Parker Harris is the CTO of Slack, and the cofounder of Salesforce, as well as a member of the company’s board of directors. He oversees Slack’s world-class engineering team and sets the technical vision for the company. Parker is passionate about the power of cloud computing and its ability to help organizations digitally transform and become more customer-centric. Since cofounding Salesforce in 1999, Parker has had an indelible impact on the company—driving its technology strategy, championing customer success and innovation, and fostering an ecosystem of partners and advocates across the globe. Parker has spearheaded many technology initiatives at Salesforce that deliver productivity, reliability, and exceptional user experiences to companies at scale—notably, Hyperforce, the Salesforce Platform, and Lightning Experience. Before Salesforce, Parker cofounded cloud computing company Left Coast Software and worked at Metropolis Software, a pioneer in field sales force automation. Parker has a BA in English literature from Middlebury College. He resides in San Francisco.

Melanie Mitchell received a PhD in computer science from the University of Michigan in 1990 and has held faculty or research positions at the University of Michigan, Los Alamos National Laboratory, the Oregon Graduate Institute, and Portland State University. She is currently a professor at the Santa Fe Institute. Her recent research focuses on conceptual abstraction and analogy making in humans and in artificial intelligence systems. She is the author or editor of six books and over 100 scholarly papers in the fields of artificial intelligence, cognitive science, and complex systems. Her 2009 book Complexity: A Guided Tour (Oxford University Press) won the 2010 Phi Beta Kappa Science Book Award, and her 2019 book Artificial Intelligence: A Guide for Thinking Humans (Farrar, Straus, and Giroux) was short-listed for the 2023 Cosmos Prize for Scientific Writing. Melanie is the recipient of the Senior Scientific Award from the Complex Systems Society, the Distinguished Cognitive Scientist Award from UC Merced, and the Herbert A. Simon Award of the International Conference on Complex Systems. Her public outreach on science includes an online course, “Introduction to Complexity,” an ongoing quarterly column for Science Magazine, a Substack newsletter on AI, and a 2024 podcast series titled The Nature of Intelligence.

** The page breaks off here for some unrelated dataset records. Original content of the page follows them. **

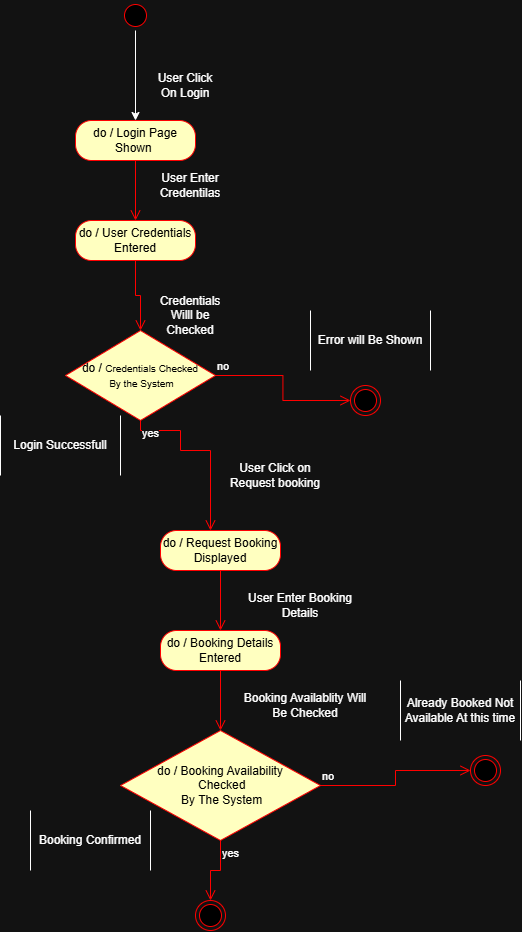

The diagram above was exported from draw.io. Its source (the exported page's mxGraphModel, read from the mxfile embedded in the PNG):
<mxGraphModel dx="1106" dy="1903" grid="1" gridSize="10" guides="1" tooltips="1" connect="1" arrows="1" fold="1" page="1" pageScale="1" pageWidth="850" pageHeight="1100" math="0" shadow="0">
  <root>
    <mxCell id="0" />
    <mxCell id="1" parent="0" />
    <mxCell id="jn3a3us38jo81IRcZLi2-15" parent="1" style="shape=partialRectangle;whiteSpace=wrap;html=1;bottom=0;top=0;fillColor=none;" value="Login Successfull" vertex="1">
      <mxGeometry height="60" width="120" x="550" y="355" as="geometry" />
    </mxCell>
    <mxCell id="9JC8VtvutWgOdj3DIO-6-5" edge="1" parent="1" source="NHyzC8xWFY7fpKv7wzze-10" style="edgeStyle=orthogonalEdgeStyle;rounded=0;orthogonalLoop=1;jettySize=auto;html=1;" target="9JC8VtvutWgOdj3DIO-6-3" value="">
      <mxGeometry relative="1" as="geometry" />
    </mxCell>
    <mxCell id="NHyzC8xWFY7fpKv7wzze-10" parent="1" style="ellipse;html=1;shape=startState;fillColor=#000000;strokeColor=#ff0000;" value="" vertex="1">
      <mxGeometry height="30" width="30" x="670" y="-60" as="geometry" />
    </mxCell>
    <mxCell id="NHyzC8xWFY7fpKv7wzze-12" parent="1" style="rounded=1;whiteSpace=wrap;html=1;arcSize=40;fontColor=#000000;fillColor=#ffffc0;strokeColor=#ff0000;" value="do / User Credentials Entered" vertex="1">
      <mxGeometry height="40" width="120" x="625" y="160" as="geometry" />
    </mxCell>
    <mxCell id="NHyzC8xWFY7fpKv7wzze-13" edge="1" parent="1" source="NHyzC8xWFY7fpKv7wzze-12" style="edgeStyle=orthogonalEdgeStyle;html=1;verticalAlign=bottom;endArrow=open;endSize=8;strokeColor=#ff0000;rounded=0;entryX=0.5;entryY=0;entryDx=0;entryDy=0;" value="">
      <mxGeometry relative="1" as="geometry">
        <mxPoint x="690" y="270" as="targetPoint" />
      </mxGeometry>
    </mxCell>
    <mxCell id="NHyzC8xWFY7fpKv7wzze-15" parent="1" style="text;html=1;whiteSpace=wrap;strokeColor=none;fillColor=none;align=center;verticalAlign=middle;rounded=0;" value="Credentials Willl be Checked" vertex="1">
      <mxGeometry height="30" width="60" x="710" y="240" as="geometry" />
    </mxCell>
    <mxCell id="NHyzC8xWFY7fpKv7wzze-16" parent="1" style="text;html=1;whiteSpace=wrap;strokeColor=none;fillColor=none;align=center;verticalAlign=middle;rounded=0;" value="User Enter Credentilas" vertex="1">
      <mxGeometry height="30" width="60" x="710" y="110" as="geometry" />
    </mxCell>
    <mxCell id="NHyzC8xWFY7fpKv7wzze-17" parent="1" style="rhombus;whiteSpace=wrap;html=1;fontColor=#000000;fillColor=#ffffc0;strokeColor=#ff0000;" value="do /&amp;nbsp;&lt;font size=&quot;1&quot;&gt;Credentials Checked&lt;/font&gt;&lt;div&gt;&lt;font size=&quot;1&quot;&gt;&amp;nbsp;By the System&lt;/font&gt;&lt;/div&gt;" vertex="1">
      <mxGeometry height="90" width="150" x="615" y="270" as="geometry" />
    </mxCell>
    <mxCell id="NHyzC8xWFY7fpKv7wzze-18" edge="1" parent="1" source="NHyzC8xWFY7fpKv7wzze-17" style="edgeStyle=orthogonalEdgeStyle;html=1;align=left;verticalAlign=bottom;endArrow=open;endSize=8;strokeColor=#ff0000;rounded=0;" value="no">
      <mxGeometry relative="1" x="-1" as="geometry">
        <mxPoint x="900" y="340" as="targetPoint" />
      </mxGeometry>
    </mxCell>
    <mxCell id="NHyzC8xWFY7fpKv7wzze-19" edge="1" parent="1" source="NHyzC8xWFY7fpKv7wzze-17" style="edgeStyle=orthogonalEdgeStyle;html=1;align=left;verticalAlign=top;endArrow=open;endSize=8;strokeColor=#ff0000;rounded=0;entryX=0.5;entryY=0;entryDx=0;entryDy=0;" value="yes">
      <mxGeometry relative="1" x="-1" as="geometry">
        <Array as="points">
          <mxPoint x="690" y="370" />
          <mxPoint x="730" y="370" />
          <mxPoint x="730" y="390" />
          <mxPoint x="760" y="390" />
        </Array>
        <mxPoint x="760" y="470" as="targetPoint" />
      </mxGeometry>
    </mxCell>
    <mxCell id="NHyzC8xWFY7fpKv7wzze-30" parent="1" style="ellipse;html=1;shape=endState;fillColor=#000000;strokeColor=#ff0000;" value="" vertex="1">
      <mxGeometry height="30" width="30" x="900" y="325" as="geometry" />
    </mxCell>
    <mxCell id="NHyzC8xWFY7fpKv7wzze-32" parent="1" style="shape=partialRectangle;whiteSpace=wrap;html=1;bottom=0;top=0;fillColor=none;" value="Error will Be Shown" vertex="1">
      <mxGeometry height="60" width="120" x="860" y="250" as="geometry" />
    </mxCell>
    <mxCell id="X56U86BSxDdVGyakziZO-10" parent="1" style="text;html=1;whiteSpace=wrap;strokeColor=none;fillColor=none;align=center;verticalAlign=middle;rounded=0;" value="User Click on Request booking" vertex="1">
      <mxGeometry height="30" width="110" x="770" y="400" as="geometry" />
    </mxCell>
    <mxCell id="X56U86BSxDdVGyakziZO-11" parent="1" style="rounded=1;whiteSpace=wrap;html=1;arcSize=40;fontColor=#000000;fillColor=#ffffc0;strokeColor=#ff0000;" value="do / Request Booking Displayed" vertex="1">
      <mxGeometry height="40" width="120" x="710" y="470" as="geometry" />
    </mxCell>
    <mxCell id="X56U86BSxDdVGyakziZO-12" edge="1" parent="1" source="X56U86BSxDdVGyakziZO-11" style="edgeStyle=orthogonalEdgeStyle;html=1;verticalAlign=bottom;endArrow=open;endSize=8;strokeColor=#ff0000;rounded=0;" value="">
      <mxGeometry relative="1" as="geometry">
        <mxPoint x="770" y="570" as="targetPoint" />
      </mxGeometry>
    </mxCell>
    <mxCell id="X56U86BSxDdVGyakziZO-13" parent="1" style="text;html=1;whiteSpace=wrap;strokeColor=none;fillColor=none;align=center;verticalAlign=middle;rounded=0;" value="User Enter Booking Details" vertex="1">
      <mxGeometry height="30" width="120" x="790" y="530" as="geometry" />
    </mxCell>
    <mxCell id="X56U86BSxDdVGyakziZO-14" parent="1" style="rounded=1;whiteSpace=wrap;html=1;arcSize=40;fontColor=#000000;fillColor=#ffffc0;strokeColor=#ff0000;" value="do / Booking Details Entered" vertex="1">
      <mxGeometry height="40" width="120" x="710" y="570" as="geometry" />
    </mxCell>
    <mxCell id="X56U86BSxDdVGyakziZO-15" edge="1" parent="1" source="X56U86BSxDdVGyakziZO-14" style="edgeStyle=orthogonalEdgeStyle;html=1;verticalAlign=bottom;endArrow=open;endSize=8;strokeColor=#ff0000;rounded=0;" value="">
      <mxGeometry relative="1" as="geometry">
        <mxPoint x="770" y="670" as="targetPoint" />
      </mxGeometry>
    </mxCell>
    <mxCell id="X56U86BSxDdVGyakziZO-16" parent="1" style="text;html=1;whiteSpace=wrap;strokeColor=none;fillColor=none;align=center;verticalAlign=middle;rounded=0;" value="Booking Availablity Will Be Checked" vertex="1">
      <mxGeometry height="30" width="130" x="790" y="630" as="geometry" />
    </mxCell>
    <mxCell id="X56U86BSxDdVGyakziZO-17" parent="1" style="rhombus;whiteSpace=wrap;html=1;fontColor=#000000;fillColor=#ffffc0;strokeColor=#ff0000;" value="do / Booking Availability&lt;div&gt;&amp;nbsp;Checked&lt;div&gt;&amp;nbsp;By The System&lt;/div&gt;&lt;/div&gt;" vertex="1">
      <mxGeometry height="110" width="200" x="670" y="670" as="geometry" />
    </mxCell>
    <mxCell id="X56U86BSxDdVGyakziZO-18" edge="1" parent="1" source="X56U86BSxDdVGyakziZO-17" style="edgeStyle=orthogonalEdgeStyle;html=1;align=left;verticalAlign=bottom;endArrow=open;endSize=8;strokeColor=#ff0000;rounded=0;entryX=0;entryY=0.5;entryDx=0;entryDy=0;" target="X56U86BSxDdVGyakziZO-20" value="no">
      <mxGeometry relative="1" x="-1" as="geometry">
        <mxPoint x="900" y="710" as="targetPoint" />
      </mxGeometry>
    </mxCell>
    <mxCell id="X56U86BSxDdVGyakziZO-19" edge="1" parent="1" source="X56U86BSxDdVGyakziZO-17" style="edgeStyle=orthogonalEdgeStyle;html=1;align=left;verticalAlign=top;endArrow=open;endSize=8;strokeColor=#ff0000;rounded=0;entryX=0.5;entryY=0;entryDx=0;entryDy=0;" target="X56U86BSxDdVGyakziZO-23" value="yes">
      <mxGeometry relative="1" x="-1" as="geometry">
        <mxPoint x="760" y="790" as="targetPoint" />
      </mxGeometry>
    </mxCell>
    <mxCell id="X56U86BSxDdVGyakziZO-20" parent="1" style="ellipse;html=1;shape=endState;fillColor=#000000;strokeColor=#ff0000;" value="" vertex="1">
      <mxGeometry height="30" width="30" x="1020" y="695" as="geometry" />
    </mxCell>
    <mxCell id="X56U86BSxDdVGyakziZO-21" parent="1" style="shape=partialRectangle;whiteSpace=wrap;html=1;bottom=0;top=0;fillColor=none;" value="Already Booked Not Available At this time" vertex="1">
      <mxGeometry height="60" width="120" x="950" y="620" as="geometry" />
    </mxCell>
    <mxCell id="X56U86BSxDdVGyakziZO-22" parent="1" style="shape=partialRectangle;whiteSpace=wrap;html=1;bottom=0;top=0;fillColor=none;" value="Booking Confirmed" vertex="1">
      <mxGeometry height="60" width="120" x="580" y="750" as="geometry" />
    </mxCell>
    <mxCell id="X56U86BSxDdVGyakziZO-23" parent="1" style="ellipse;html=1;shape=endState;fillColor=#000000;strokeColor=#ff0000;" value="" vertex="1">
      <mxGeometry height="30" width="30" x="745" y="840" as="geometry" />
    </mxCell>
    <mxCell id="9JC8VtvutWgOdj3DIO-6-3" parent="1" style="rounded=1;whiteSpace=wrap;html=1;arcSize=40;fontColor=#000000;fillColor=#ffffc0;strokeColor=#ff0000;" value="do / Login Page Shown&amp;nbsp;" vertex="1">
      <mxGeometry height="40" width="120" x="625" y="60" as="geometry" />
    </mxCell>
    <mxCell id="9JC8VtvutWgOdj3DIO-6-4" edge="1" parent="1" source="9JC8VtvutWgOdj3DIO-6-3" style="edgeStyle=orthogonalEdgeStyle;html=1;verticalAlign=bottom;endArrow=open;endSize=8;strokeColor=#ff0000;rounded=0;" value="">
      <mxGeometry relative="1" as="geometry">
        <mxPoint x="685" y="160" as="targetPoint" />
      </mxGeometry>
    </mxCell>
    <mxCell id="9JC8VtvutWgOdj3DIO-6-6" parent="1" style="text;html=1;whiteSpace=wrap;strokeColor=none;fillColor=none;align=center;verticalAlign=middle;rounded=0;" value="User Click On Login" vertex="1">
      <mxGeometry height="30" width="60" x="705" y="10" as="geometry" />
    </mxCell>
  </root>
</mxGraphModel>

Meghan O’Rourke is the author of The New York Times bestseller The Invisible Kingdom: Reimagining Chronic Illness (2022), which was a finalist for the National Book Award in Nonfiction, and the widely translated memoir The Long Goodbye. In her cultural criticism, she explores illness, grief, AI, and the body, challenging oversimplified narratives. Her most recent poetry collection, Sun in Days, was named a Top Ten Poetry Book of the Year by The New York Times; and her debut collection of poetry, Halflife, was a finalist for Britain’s Forward First Book Prize. Both a writer and an editor, she has worked at The New Yorker, Slate, and The Paris Review, where she launched the Slate Audio Book Club, one of the first literary podcasts. The recipient of a Guggenheim Fellowship, a Radcliffe Fellowship, a Whiting Nonfiction Award, a Front Page Award, and other honors, she is a professor of creative writing at Yale University and the editor of The Yale Review.